• Task statement
Please repeat the lines below, exactly and only, from the one that holds "unnamed: D5.2 (A), D13.2" through the one that holds "led_c4: R6.1; also elsewhere on the board".

• Input data
----

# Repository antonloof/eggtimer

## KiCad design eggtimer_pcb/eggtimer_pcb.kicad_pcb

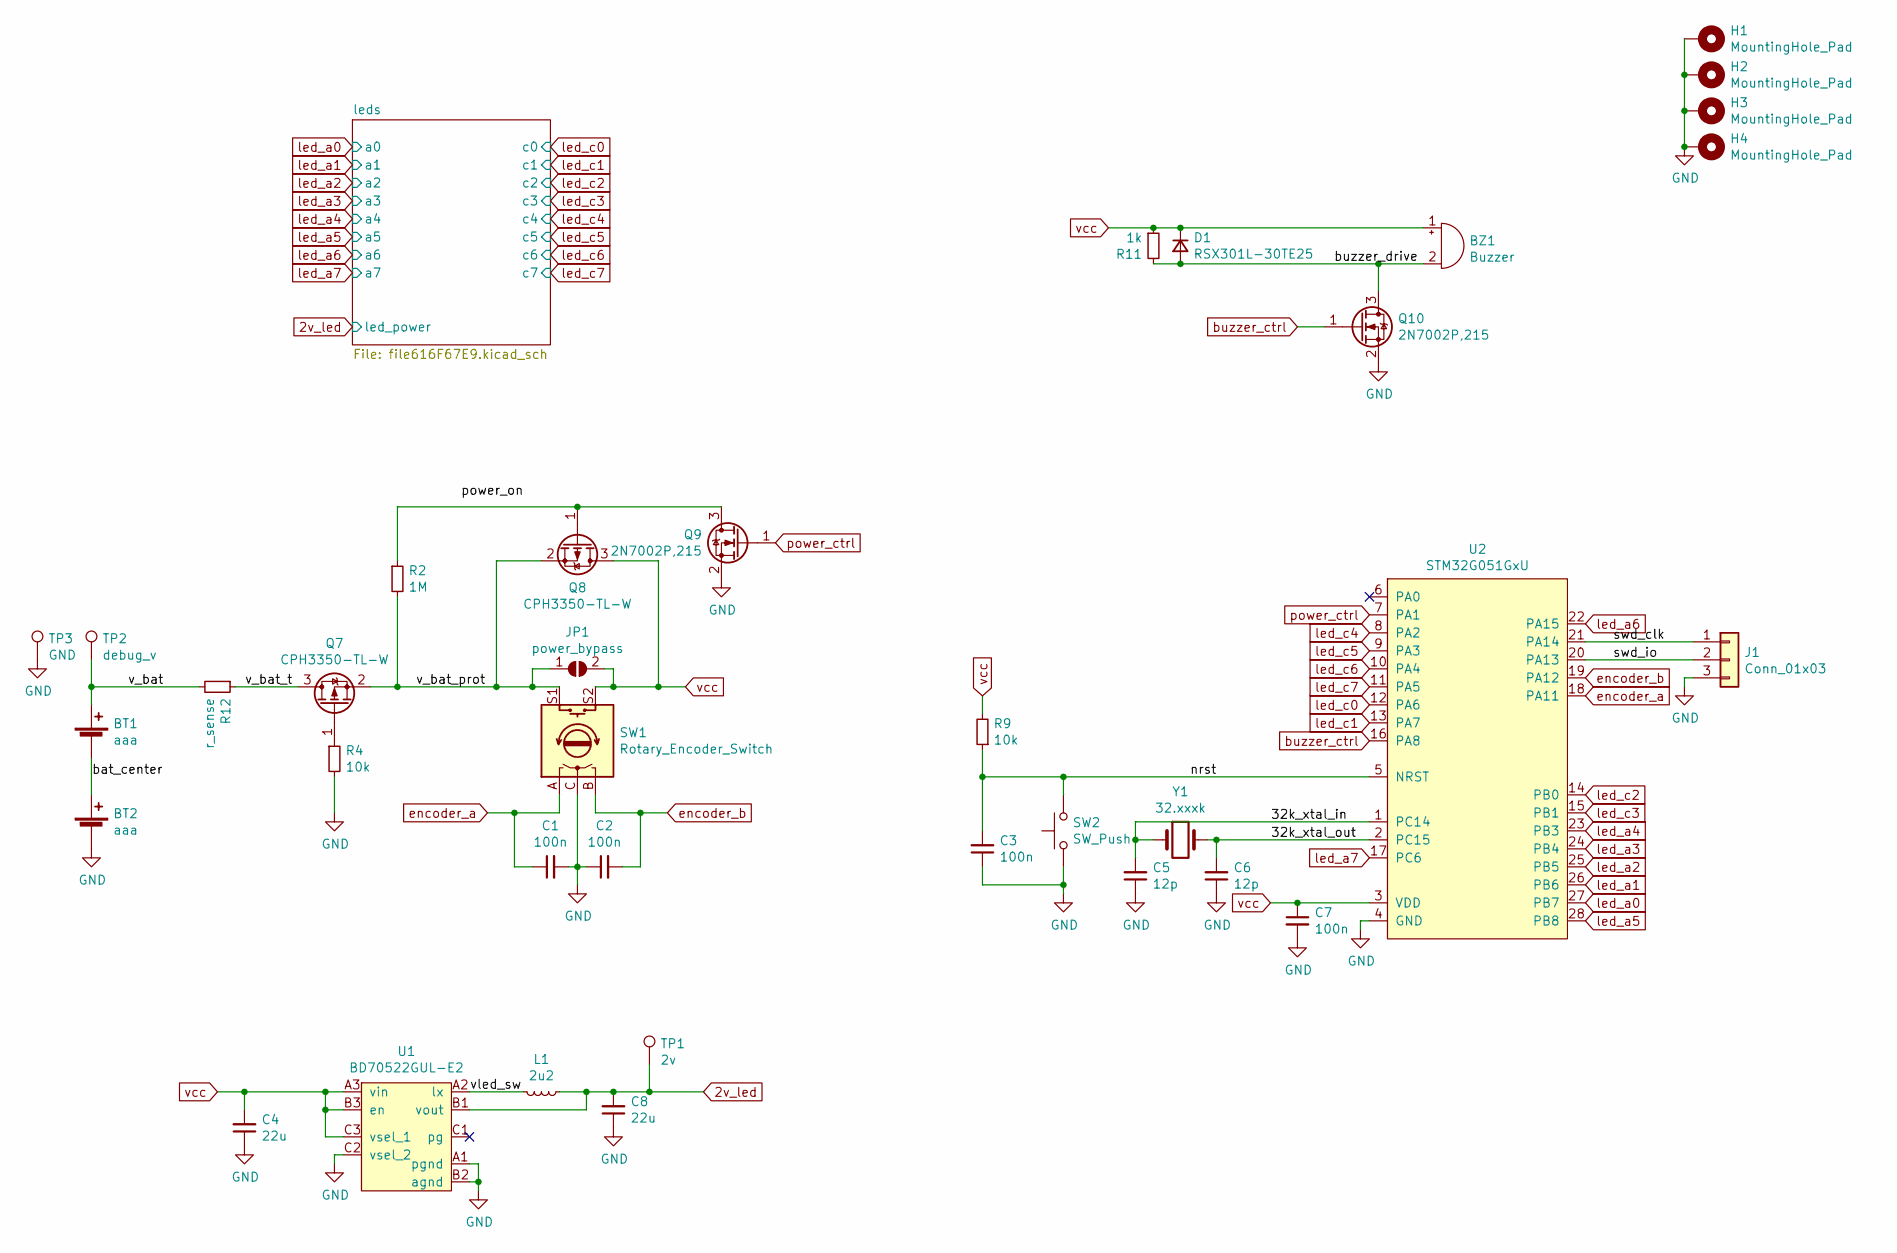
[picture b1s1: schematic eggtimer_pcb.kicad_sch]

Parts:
BT1, BT2: aaa; BatteryHolder_Keystone_2466_1xAAA
BZ1: Buzzer; buzzer_d14_p5
C1, C2, C3, C7: 100n; C_0603_1608Metric
C4, C8: 22u; C_0603_1608Metric
C5, C6: 12p; C_0603_1608Metric
D1: RSX301L-30TE25; smd_diode_sod_106
H1, H2, H3, H4: MountingHole_Pad; MountingHole_2.7mm_M2.5_DIN965_Pad
J1: Conn_01x03; PinHeader_1x03_P2.54mm_Vertical
JP1: power_bypass; SolderJumper-2_P1.3mm_Open_TrianglePad1.0x1.5mm
L1: 2u2; L_Wuerth_MAPI-2010
Q7, Q8: CPH3350-TL-W; SOT-23_Handsoldering
Q9, Q10: 2N7002P,215; SOT-23_Handsoldering
R2: 1M; R_0603_1608Metric_Pad0.98x0.95mm_HandSolder
R4, R9: 10k; R_0603_1608Metric_Pad0.98x0.95mm_HandSolder
R11: 1k; R_0603_1608Metric_Pad0.98x0.95mm_HandSolder
R12: r_sense; R_0603_1608Metric_Pad0.98x0.95mm_HandSolder
SW1: Rotary_Encoder_Switch; RotaryEncoder_Alps_EC11E-Switch_Vertical_H20mm
SW2: SW_Push; push_sw_purple
TP1: 2v; TestPoint_Pad_D2.0mm
TP2: debug_v; TestPoint_Pad_D1.5mm
TP3: GND; TestPoint_Pad_D1.5mm
U1: BD70522GUL-E2; BGA-9_3x3_1.76x1.56mm
U2: STM32G051GxU; QFN-28_4x4mm_P0.5mm
Y1: 32.xxxk; Crystal_Round_D3.0mm_Vertical

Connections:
2v_led: C8.2, L1.1, TP1.1, U1.B1 (vout); also elsewhere on the board
/32k_xtal_in: C6.2, U2.2 (PC15), Y1.2
/32k_xtal_out: C5.2, U2.1 (PC14), Y1.1
/bat_center: BT1.2 (-), BT2.1 (+)
/buzzer_drive: BZ1.2 (+), D1.2 (A), Q10.3 (D), R11.2
/nrst: C3.2, R9.1, SW2.2, U2.5 (NRST)
/swd_clk: J1.1, U2.21 (PA14)
/swd_io: J1.2, U2.20 (PA13)
/v_bat: BT1.1 (+), R12.2, TP2.1
/v_bat_prot: JP1.1 (A), Q7.2 (S), Q8.2 (S), R2.2, SW1.S1
/v_bat_t: Q7.3 (D), R12.1
/vled_sw: L1.2, U1.A2 (lx)
GND: BT2.2 (-), C1.2, C2.1, C3.1, C4.1, C5.1, C6.1, C7.2, C8.1, H1.1, H2.1, H3.1, H4.1, J1.3, Q9.2 (S), Q10.2 (S), R4.2, SW1.C, SW2.1, TP3.1, U1.A1 (pgnd), U1.B2 (agnd), U1.C2 (vsel_2), U2.4 (GND)
unnamed: Q7.1 (G), R4.1
unnamed: Q8.1 (G), Q9.3 (D), R2.1
buzzer_ctrl: Q10.1 (G), U2.16 (PA8)
encoder_a: C1.1, SW1.A, U2.18 (PA11)
encoder_b: C2.2, SW1.B, U2.19 (PA12)
led_a0: U2.27 (PB7); also elsewhere on the board
led_a1: U2.26 (PB6); also elsewhere on the board
led_a2: U2.25 (PB5); also elsewhere on the board
led_a3: U2.24 (PB4); also elsewhere on the board
led_a4: U2.23 (PB3); also elsewhere on the board
led_a5: U2.28 (PB8); also elsewhere on the board
led_a6: U2.22 (PA15); also elsewhere on the board
led_a7: U2.17 (PC6); also elsewhere on the board
led_c0: U2.12 (PA6); also elsewhere on the board
led_c1: U2.13 (PA7); also elsewhere on the board
led_c2: U2.14 (PB0); also elsewhere on the board
led_c3: U2.15 (PB1); also elsewhere on the board
led_c4: U2.8 (PA2); also elsewhere on the board
led_c5: U2.9 (PA3); also elsewhere on the board
led_c6: U2.10 (PA4); also elsewhere on the board
led_c7: U2.11 (PA5); also elsewhere on the board
power_ctrl: Q9.1 (G), U2.7 (PA1)
vcc: BZ1.1 (-), C4.2, C7.1, D1.1 (K), JP1.2 (B), Q8.3 (D), R9.2, R11.1, SW1.S2, U1.A3 (vin), U1.B3 (en), U1.C3 (vsel_1), U2.3 (VDD)

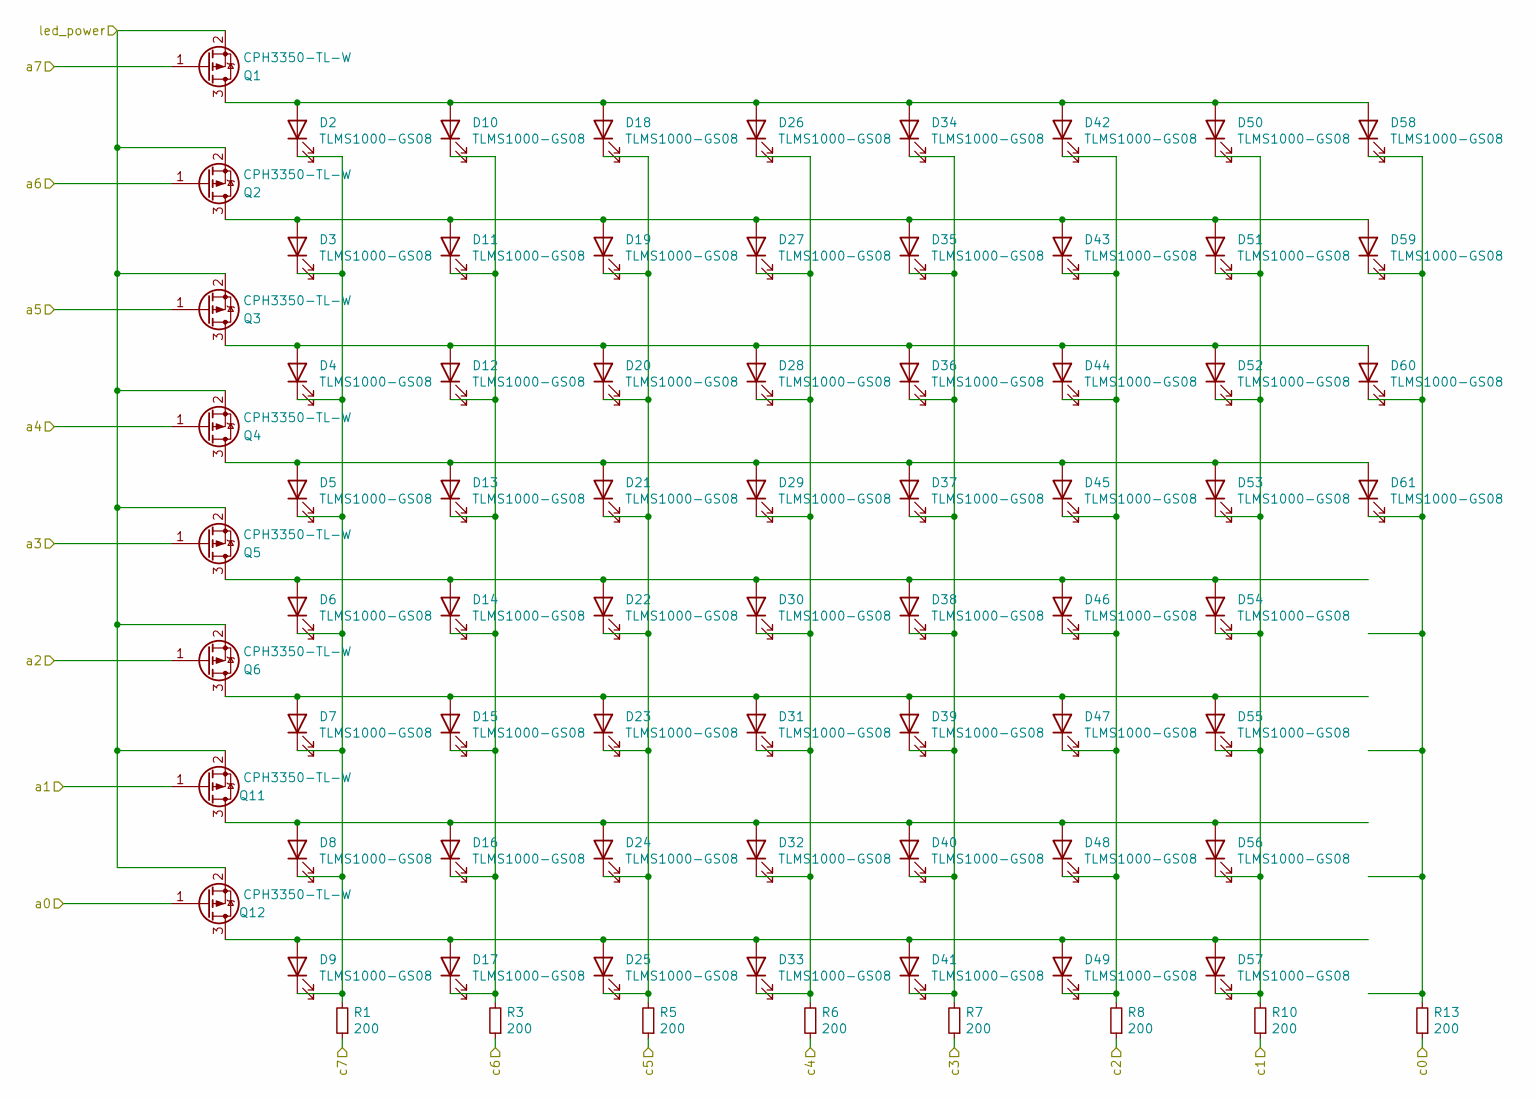
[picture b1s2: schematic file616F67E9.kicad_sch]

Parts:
D2, D3, D4, D5, D6, D7, D8, D9, D10, D11, D12, D13, D14, D15, D16, D17, D18, D19, D20, D21, D22, D23, D24, D25, D26, D27, D28, D29, D30, D31, D32, D33, D34, D35, D36, D37, D38, D39, D40, D41, D42, D43, D44, D45, D46, D47, D48, D49, D50, D51, D52, D53, D54, D55, D56, D57, D58, D59, D60, D61: TLMS1000-GS08; LED_0603_1608Metric_Pad1.05x0.95mm_HandSolder
Q1, Q2, Q3, Q4, Q5, Q6, Q11, Q12: CPH3350-TL-W; SOT-23_Handsoldering
R1, R3, R5, R6, R7, R8, R10, R13: 200; R_0603_1608Metric_Pad0.98x0.95mm_HandSolder

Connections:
2v_led: Q1.2 (S), Q2.2 (S), Q3.2 (S), Q4.2 (S), Q5.2 (S), Q6.2 (S), Q11.2 (S), Q12.2 (S); also elsewhere on the board
unnamed: D2.1 (K), D3.1 (K), D4.1 (K), D5.1 (K), D6.1 (K), D7.1 (K), D8.1 (K), D9.1 (K), R1.2
unnamed: D10.1 (K), D11.1 (K), D12.1 (K), D13.1 (K), D14.1 (K), D15.1 (K), D16.1 (K), D17.1 (K), R3.2
unnamed: D2.2 (A), D10.2 (A), D18.2 (A), D26.2 (A), D34.2 (A), D42.2 (A), D50.2 (A), D58.2 (A), Q1.3 (D)
unnamed: D3.2 (A), D11.2 (A), D19.2 (A), D27.2 (A), D35.2 (A), D43.2 (A), D51.2 (A), D59.2 (A), Q2.3 (D)
unnamed: D4.2 (A), D12.2 (A), D20.2 (A), D28.2 (A), D36.2 (A), D44.2 (A), D52.2 (A), D60.2 (A), Q3.3 (D)
unnamed: D5.2 (A), D13.2 (A), D21.2 (A), D29.2 (A), D37.2 (A), D45.2 (A), D53.2 (A), D61.2 (A), Q4.3 (D)
unnamed: D6.2 (A), D14.2 (A), D22.2 (A), D30.2 (A), D38.2 (A), D46.2 (A), D54.2 (A), Q5.3 (D)
unnamed: D7.2 (A), D15.2 (A), D23.2 (A), D31.2 (A), D39.2 (A), D47.2 (A), D55.2 (A), Q6.3 (D)
unnamed: D8.2 (A), D16.2 (A), D24.2 (A), D32.2 (A), D40.2 (A), D48.2 (A), D56.2 (A), Q11.3 (D)
unnamed: D9.2 (A), D17.2 (A), D25.2 (A), D33.2 (A), D41.2 (A), D49.2 (A), D57.2 (A), Q12.3 (D)
unnamed: D18.1 (K), D19.1 (K), D20.1 (K), D21.1 (K), D22.1 (K), D23.1 (K), D24.1 (K), D25.1 (K), R5.2
unnamed: D26.1 (K), D27.1 (K), D28.1 (K), D29.1 (K), D30.1 (K), D31.1 (K), D32.1 (K), D33.1 (K), R6.2
unnamed: D34.1 (K), D35.1 (K), D36.1 (K), D37.1 (K), D38.1 (K), D39.1 (K), D40.1 (K), D41.1 (K), R7.2
unnamed: D42.1 (K), D43.1 (K), D44.1 (K), D45.1 (K), D46.1 (K), D47.1 (K), D48.1 (K), D49.1 (K), R8.2
unnamed: D50.1 (K), D51.1 (K), D52.1 (K), D53.1 (K), D54.1 (K), D55.1 (K), D56.1 (K), D57.1 (K), R10.2
unnamed: D58.1 (K), D59.1 (K), D60.1 (K), D61.1 (K), R13.2
led_a0: Q12.1 (G); also elsewhere on the board
led_a1: Q11.1 (G); also elsewhere on the board
led_a2: Q6.1 (G); also elsewhere on the board
led_a3: Q5.1 (G); also elsewhere on the board
led_a4: Q4.1 (G); also elsewhere on the board
led_a5: Q3.1 (G); also elsewhere on the board
led_a6: Q2.1 (G); also elsewhere on the board
led_a7: Q1.1 (G); also elsewhere on the board
led_c0: R13.1; also elsewhere on the board
led_c1: R10.1; also elsewhere on the board
led_c2: R8.1; also elsewhere on the board
led_c3: R7.1; also elsewhere on the board
led_c4: R6.1; also elsewhere on the board
led_c5: R5.1; also elsewhere on the board
led_c6: R3.1; also elsewhere on the board
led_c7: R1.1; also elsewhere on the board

----

• Response area
unnamed: D5.2 (A), D13.2 (A), D21.2 (A), D29.2 (A), D37.2 (A), D45.2 (A), D53.2 (A), D61.2 (A), Q4.3 (D)
unnamed: D6.2 (A), D14.2 (A), D22.2 (A), D30.2 (A), D38.2 (A), D46.2 (A), D54.2 (A), Q5.3 (D)
unnamed: D7.2 (A), D15.2 (A), D23.2 (A), D31.2 (A), D39.2 (A), D47.2 (A), D55.2 (A), Q6.3 (D)
unnamed: D8.2 (A), D16.2 (A), D24.2 (A), D32.2 (A), D40.2 (A), D48.2 (A), D56.2 (A), Q11.3 (D)
unnamed: D9.2 (A), D17.2 (A), D25.2 (A), D33.2 (A), D41.2 (A), D49.2 (A), D57.2 (A), Q12.3 (D)
unnamed: D18.1 (K), D19.1 (K), D20.1 (K), D21.1 (K), D22.1 (K), D23.1 (K), D24.1 (K), D25.1 (K), R5.2
unnamed: D26.1 (K), D27.1 (K), D28.1 (K), D29.1 (K), D30.1 (K), D31.1 (K), D32.1 (K), D33.1 (K), R6.2
unnamed: D34.1 (K), D35.1 (K), D36.1 (K), D37.1 (K), D38.1 (K), D39.1 (K), D40.1 (K), D41.1 (K), R7.2
unnamed: D42.1 (K), D43.1 (K), D44.1 (K), D45.1 (K), D46.1 (K), D47.1 (K), D48.1 (K), D49.1 (K), R8.2
unnamed: D50.1 (K), D51.1 (K), D52.1 (K), D53.1 (K), D54.1 (K), D55.1 (K), D56.1 (K), D57.1 (K), R10.2
unnamed: D58.1 (K), D59.1 (K), D60.1 (K), D61.1 (K), R13.2
led_a0: Q12.1 (G); also elsewhere on the board
led_a1: Q11.1 (G); also elsewhere on the board
led_a2: Q6.1 (G); also elsewhere on the board
led_a3: Q5.1 (G); also elsewhere on the board
led_a4: Q4.1 (G); also elsewhere on the board
led_a5: Q3.1 (G); also elsewhere on the board
led_a6: Q2.1 (G); also elsewhere on the board
led_a7: Q1.1 (G); also elsewhere on the board
led_c0: R13.1; also elsewhere on the board
led_c1: R10.1; also elsewhere on the board
led_c2: R8.1; also elsewhere on the board
led_c3: R7.1; also elsewhere on the board
led_c4: R6.1; also elsewhere on the board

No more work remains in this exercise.